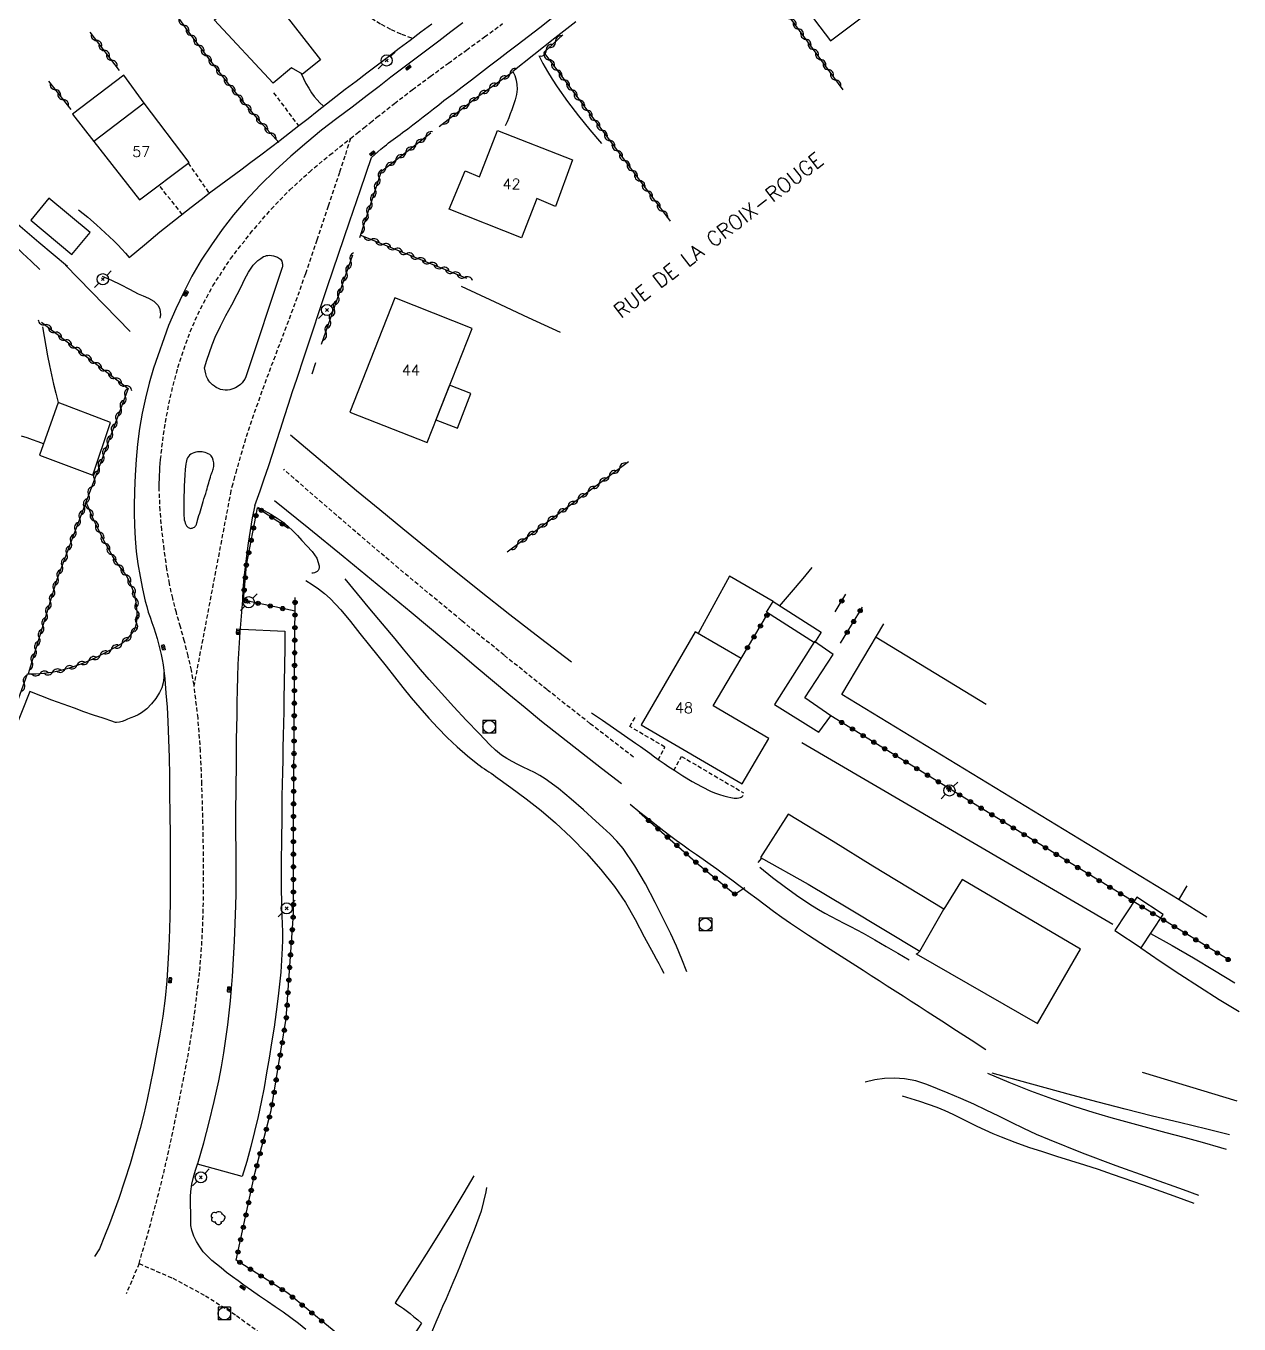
# Model space of a CAD drawing. Header units: millimetres. Extents: x 137000 to 138000, y 152000 to 153001.
# Drawn here: x 137795.1 to 137939.5, y 152571.8 to 152726.4 of the extents above; entities that cross this region are included whole.
import ezdxf
from ezdxf.enums import TextEntityAlignment as Align

# ---------------------------------------------------------------- set-up
doc = ezdxf.new("R2010")
doc.units = ezdxf.units.MM
doc.linetypes.add('DASHED', pattern=[0.75, 0.5, -0.25])
doc.layers.get('0').update_dxf_attribs({"linetype": 'CONTINUOUS'})
for name, color, linetype in [('W0001', 6, 'DASHED'), ('W0006', 2, 'CONTINUOUS'), ('W0008', 7, 'CONTINUOUS'), ('W0014', 7, 'CONTINUOUS'), ('W0015', 2, 'CONTINUOUS'), ('W0017', 7, 'CONTINUOUS'), ('W0020', 2, 'CONTINUOUS'), ('W0070', 7, 'DASHED'), ('W0071', 7, 'CONTINUOUS'), ('W0101', 7, 'CONTINUOUS'), ('W0104', 1, 'CONTINUOUS'), ('W0112', 1, 'DASHED'), ('W0211', 2, 'CONTINUOUS'), ('W0214', 2, 'CONTINUOUS'), ('W0300', 7, 'CONTINUOUS'), ('W0310', 3, 'CONTINUOUS'), ('W0323', 7, 'CONTINUOUS'), ('W0333', 7, 'CONTINUOUS'), ('W0401', 7, 'CONTINUOUS'), ('W0420', 7, 'CONTINUOUS'), ('W0473', 7, 'CONTINUOUS'), ('W0989', 7, 'CONTINUOUS'), ('W0991', 7, 'CONTINUOUS')]:
    doc.layers.add(name, color=color, linetype=linetype)
doc.styles.get("Standard").update_dxf_attribs({"font": 'romans.shx', "width": 0.85})

# ---------------------------------------------------------------- blocks, each defined once
blk = doc.blocks.new('T401')
for p, q in [((-0.3, 0.3), (0, 0.3)), ((-0.3, -0.25), (-0.3, 0.3)), ((-0.3, 0.15), (0, 0.15)), ((-0.3, 0), (0, 0)), ((0, 0.3), (0, -0.25)), ((-0.3, -0.15), (0, -0.15)), ((-0.3, -0.25), (-0.3, -0.3)), ((-0.3, -0.3), (0, -0.3)), ((0, -0.3), (0, -0.25))]:
    blk.add_line(p, q)
blk = doc.blocks.new('T473')
for p, q in [((-0.166667, 0.166667), (0.166667, -0.166667)), ((-0.166667, -0.166667), (0.166667, 0.166667)), ((0.500001, 0.500001), (1.000002, 1.000002)), ((-1.000002, -1.000002), (-0.500001, -0.500001))]:
    blk.add_line(p, q)
blk.add_ellipse((0, 0), major_axis=(0.471405, 0.471405), ratio=1, start_param=5.4977871438, end_param=11.780972451)
blk = doc.blocks.new('T420')
for p, q in [((0.75, 0.75), (-0.75, 0.75)), ((-0.75, 0.75), (-0.75, -0.75)), ((0.75, 0.75), (0.75, -0.75)), ((0.75, -0.75), (-0.75, -0.75))]:
    blk.add_line(p, q)
blk.add_ellipse((0, 0), major_axis=(-0.53, 0.53), ratio=1, start_param=3.926991, end_param=10.210176)
blk = doc.blocks.new('T300')
for p, q in [((-0.8, 0.51), (-0.86, 0.34)), ((-0.86, 0.34), (-0.86, 0.17)), ((-0.86, 0.17), (-0.74, 0.06)), ((-0.69, 0.63), (-0.8, 0.51)), ((-0.8, -0.06), (-0.74, 0.06)), ((-0.74, 0.06), (-0.69, 0.11)), ((-0.57, 0.69), (-0.69, 0.63)), ((-0.46, 0.69), (-0.57, 0.69)), ((-0.29, 0.63), (-0.46, 0.69)), ((-0.29, 0.63), (-0.17, 0.74)), ((-0.23, 0.57), (-0.29, 0.63)), ((-0.17, 0.74), (-0.06, 0.8)), ((-0.06, 0.8), (0.06, 0.8)), ((0.06, 0.8), (0.23, 0.74)), ((0.23, 0.74), (0.34, 0.63)), ((0.34, 0.63), (0.4, 0.51)), ((0.46, 0.46), (0.34, 0.46)), ((0.4, 0.51), (0.4, 0.46)), ((0.57, 0.4), (0.46, 0.46)), ((0.57, 0.4), (0.69, 0.29)), ((0.69, 0.29), (0.74, 0.17)), ((0.74, 0.06), (0.69, -0.17)), ((0.74, 0.17), (0.74, 0.06)), ((-0.8, -0.17), (-0.8, -0.06)), ((-0.8, -0.23), (-0.8, -0.17)), ((-0.74, -0.34), (-0.8, -0.23)), ((-0.69, -0.4), (-0.74, -0.34)), ((-0.51, -0.46), (-0.69, -0.4)), ((-0.4, -0.46), (-0.51, -0.46)), ((-0.4, -0.46), (-0.34, -0.46)), ((-0.34, -0.46), (-0.34, -0.4)), ((-0.34, -0.51), (-0.34, -0.46)), ((-0.29, -0.63), (-0.34, -0.51)), ((-0.17, -0.74), (-0.29, -0.63)), ((-0.06, -0.8), (-0.17, -0.74)), ((0.06, -0.8), (-0.06, -0.8)), ((0.17, -0.74), (0.06, -0.8)), ((0.23, -0.69), (0.17, -0.74)), ((0.29, -0.46), (0.23, -0.46)), ((0.29, -0.63), (0.23, -0.69)), ((0.46, -0.4), (0.29, -0.46)), ((0.34, -0.51), (0.29, -0.63)), ((0.34, -0.51), (0.34, -0.46)), ((0.57, -0.34), (0.46, -0.4)), ((0.63, -0.29), (0.57, -0.34)), ((0.69, -0.17), (0.63, -0.29))]:
    blk.add_line(p, q)
blk = doc.blocks.new('t323o')
at = {"color": 0, "linetype": 'Continuous'}
for radius in [0.25, 0.15]:
    blk.add_circle((0, 0), radius, dxfattribs=at)
blk = doc.blocks.new('t310o')
at = {"color": 0, "linetype": 'Continuous'}
for centre, start, end in [((-0.5, 0.38), 216.8699, 323.1304), ((0.5, -0.37), 36.8699, 143.1303)]:
    blk.add_arc(centre, 0.625, start, end, dxfattribs=at)

msp = doc.modelspace()

# ---------------------------------------------------------------- linework, layer by layer
at = {"layer": 'W0001'}
for points in [[(137833.71, 152712.98), (137834.5, 152713.6), (137835.29, 152714.23), (137836.08, 152714.86), (137836.86, 152715.49), (137838.96, 152717.14), (137841.07, 152718.77), (137843.21, 152720.36), (137845.37, 152721.94), (137847.53, 152723.5), (137849.68, 152725.07), (137851.83, 152726.65)], [(137810.94, 152671), (137810.94, 152671.46), (137810.94, 152671.93), (137810.95, 152672.39), (137810.96, 152672.86), (137810.99, 152673.32), (137811.01, 152673.79), (137811.05, 152674.25), (137811.09, 152674.71), (137811.34, 152676.94), (137811.67, 152679.15), (137812.08, 152681.35), (137812.58, 152683.54), (137813.16, 152685.7), (137813.85, 152687.84), (137814.63, 152689.94), (137815.51, 152692.01), (137817.3, 152695.41), (137819.42, 152698.62), (137821.77, 152701.65), (137824.26, 152704.55), (137826.47, 152706.83), (137828.81, 152708.97), (137831.24, 152711), (137833.71, 152712.98)], [(137833.71, 152712.98), (137832.4, 152708.93), (137831.06, 152704.9), (137829.7, 152700.87), (137828.33, 152696.84), (137827.34, 152694.03), (137826.31, 152691.23), (137825.25, 152688.44), (137824.19, 152685.65), (137823.16, 152682.86), (137822.16, 152680.04), (137821.22, 152677.21), (137820.37, 152674.35), (137820.14, 152673.51), (137819.91, 152672.68), (137819.68, 152671.84), (137819.46, 152671)], [(137815.07, 152647.87), (137814.76, 152649.62), (137814.37, 152651.35), (137813.93, 152653.07), (137813.45, 152654.78), (137812.97, 152656.49), (137812.53, 152658.2), (137812.14, 152659.94), (137811.84, 152661.69), (137811.52, 152664.01), (137811.24, 152666.33), (137811.04, 152668.66), (137810.94, 152671)], [(137819.46, 152671), (137815.07, 152647.87)], [(137808.52, 152578.96), (137809.58, 152582.53), (137810.56, 152586.12), (137811.46, 152589.73), (137812.28, 152593.37), (137813.34, 152598.44), (137814.32, 152603.54), (137815.14, 152608.67), (137815.75, 152613.83), (137815.94, 152616.11), (137816.08, 152618.4), (137816.16, 152620.69), (137816.21, 152622.98), (137816.22, 152625.27), (137816.2, 152627.55), (137816.17, 152629.84), (137816.12, 152632.13), (137816.01, 152636.07), (137815.84, 152640.01), (137815.55, 152643.95), (137815.07, 152647.87)], [(137808.52, 152578.96), (137807.01, 152575.36)], [(137808.52, 152578.96), (137812.55, 152577.2), (137816.43, 152575.13), (137820.14, 152572.77), (137823.67, 152570.14)]]:
    msp.add_lwpolyline(points, dxfattribs=at)
at = {"layer": 'W0006'}
for points in [[(137820.67, 152654.51), (137825.9, 152654.29)], [(137825.9, 152654.29), (137825.87, 152652.26), (137825.84, 152650.23), (137825.81, 152648.21), (137825.78, 152646.18), (137825.75, 152644.73), (137825.72, 152643.29), (137825.69, 152641.84), (137825.66, 152640.39), (137825.63, 152638.95), (137825.6, 152637.5), (137825.58, 152636.06), (137825.55, 152634.61), (137825.52, 152632.01), (137825.48, 152629.42), (137825.45, 152626.82), (137825.45, 152624.23), (137825.46, 152623.26), (137825.48, 152622.3), (137825.51, 152621.34), (137825.54, 152620.38), (137825.57, 152619.41), (137825.59, 152618.45), (137825.59, 152617.48), (137825.57, 152616.52), (137825.5, 152615.09), (137825.4, 152613.66), (137825.26, 152612.23), (137825.1, 152610.8), (137824.87, 152608.95), (137824.6, 152607.1), (137824.31, 152605.25), (137824.01, 152603.41), (137823.72, 152601.67), (137823.41, 152599.93), (137823.08, 152598.19), (137822.71, 152596.46), (137822.29, 152594.67), (137821.84, 152592.88), (137821.35, 152591.1), (137820.82, 152589.34)], [(137811.49, 152649.35), (137811.48, 152648.73), (137811.39, 152648.12), (137811.22, 152647.53), (137810.97, 152646.97), (137810.54, 152646.26), (137810.02, 152645.62), (137809.44, 152645.05), (137808.8, 152644.54), (137808.41, 152644.3), (137807.99, 152644.11), (137807.56, 152643.95), (137807.14, 152643.79), (137806.83, 152643.66), (137806.51, 152643.53), (137806.18, 152643.43), (137805.83, 152643.39), (137805.71, 152643.4), (137805.6, 152643.43), (137805.49, 152643.47), (137805.39, 152643.53)], [(137795.51, 152647.11), (137794.51, 152644.6), (137793.52, 152642.08), (137792.53, 152639.56), (137791.55, 152637.04), (137790.36, 152633.97), (137789.19, 152630.9), (137788.01, 152627.83), (137786.84, 152624.75), (137786.19, 152623.04), (137785.55, 152621.32), (137784.9, 152619.6), (137784.26, 152617.88), (137783.61, 152616.17), (137782.96, 152614.45), (137782.31, 152612.74), (137781.65, 152611.03), (137780.56, 152608.24), (137779.45, 152605.45), (137778.34, 152602.67), (137777.21, 152599.89)], [(137805.4, 152643.53), (137804.25, 152643.9), (137803.11, 152644.29), (137801.96, 152644.68), (137800.82, 152645.09), (137799.48, 152645.57), (137798.15, 152646.07), (137796.82, 152646.57), (137795.5, 152647.09)], [(137820.82, 152589.34), (137815.5, 152590.78)]]:
    msp.add_lwpolyline(points, dxfattribs=at)
at = {"layer": 'W0008'}
for points in [[(137812.03, 152690.69), (137810.26, 152685.61)], [(137810.26, 152685.61), (137809.75, 152683.84), (137809.3, 152682.04), (137808.91, 152680.23), (137808.59, 152678.41), (137808.35, 152676.56), (137808.18, 152674.71), (137808.06, 152672.86), (137807.98, 152671)], [(137807.98, 152671), (137807.98, 152670.73), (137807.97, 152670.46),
━━━━
ASSIGNED TASK
Pictures excluded, repeat the records exactly from their opening line through the line containing "import ezdxf".

SOLUTION
# Model space of a CAD drawing. Header units: millimetres. Extents: x 137000 to 138000, y 152000 to 153001.
# Drawn here: x 137795.1 to 137939.5, y 152571.8 to 152726.4 of the extents above; entities that cross this region are included whole.
import ezdxf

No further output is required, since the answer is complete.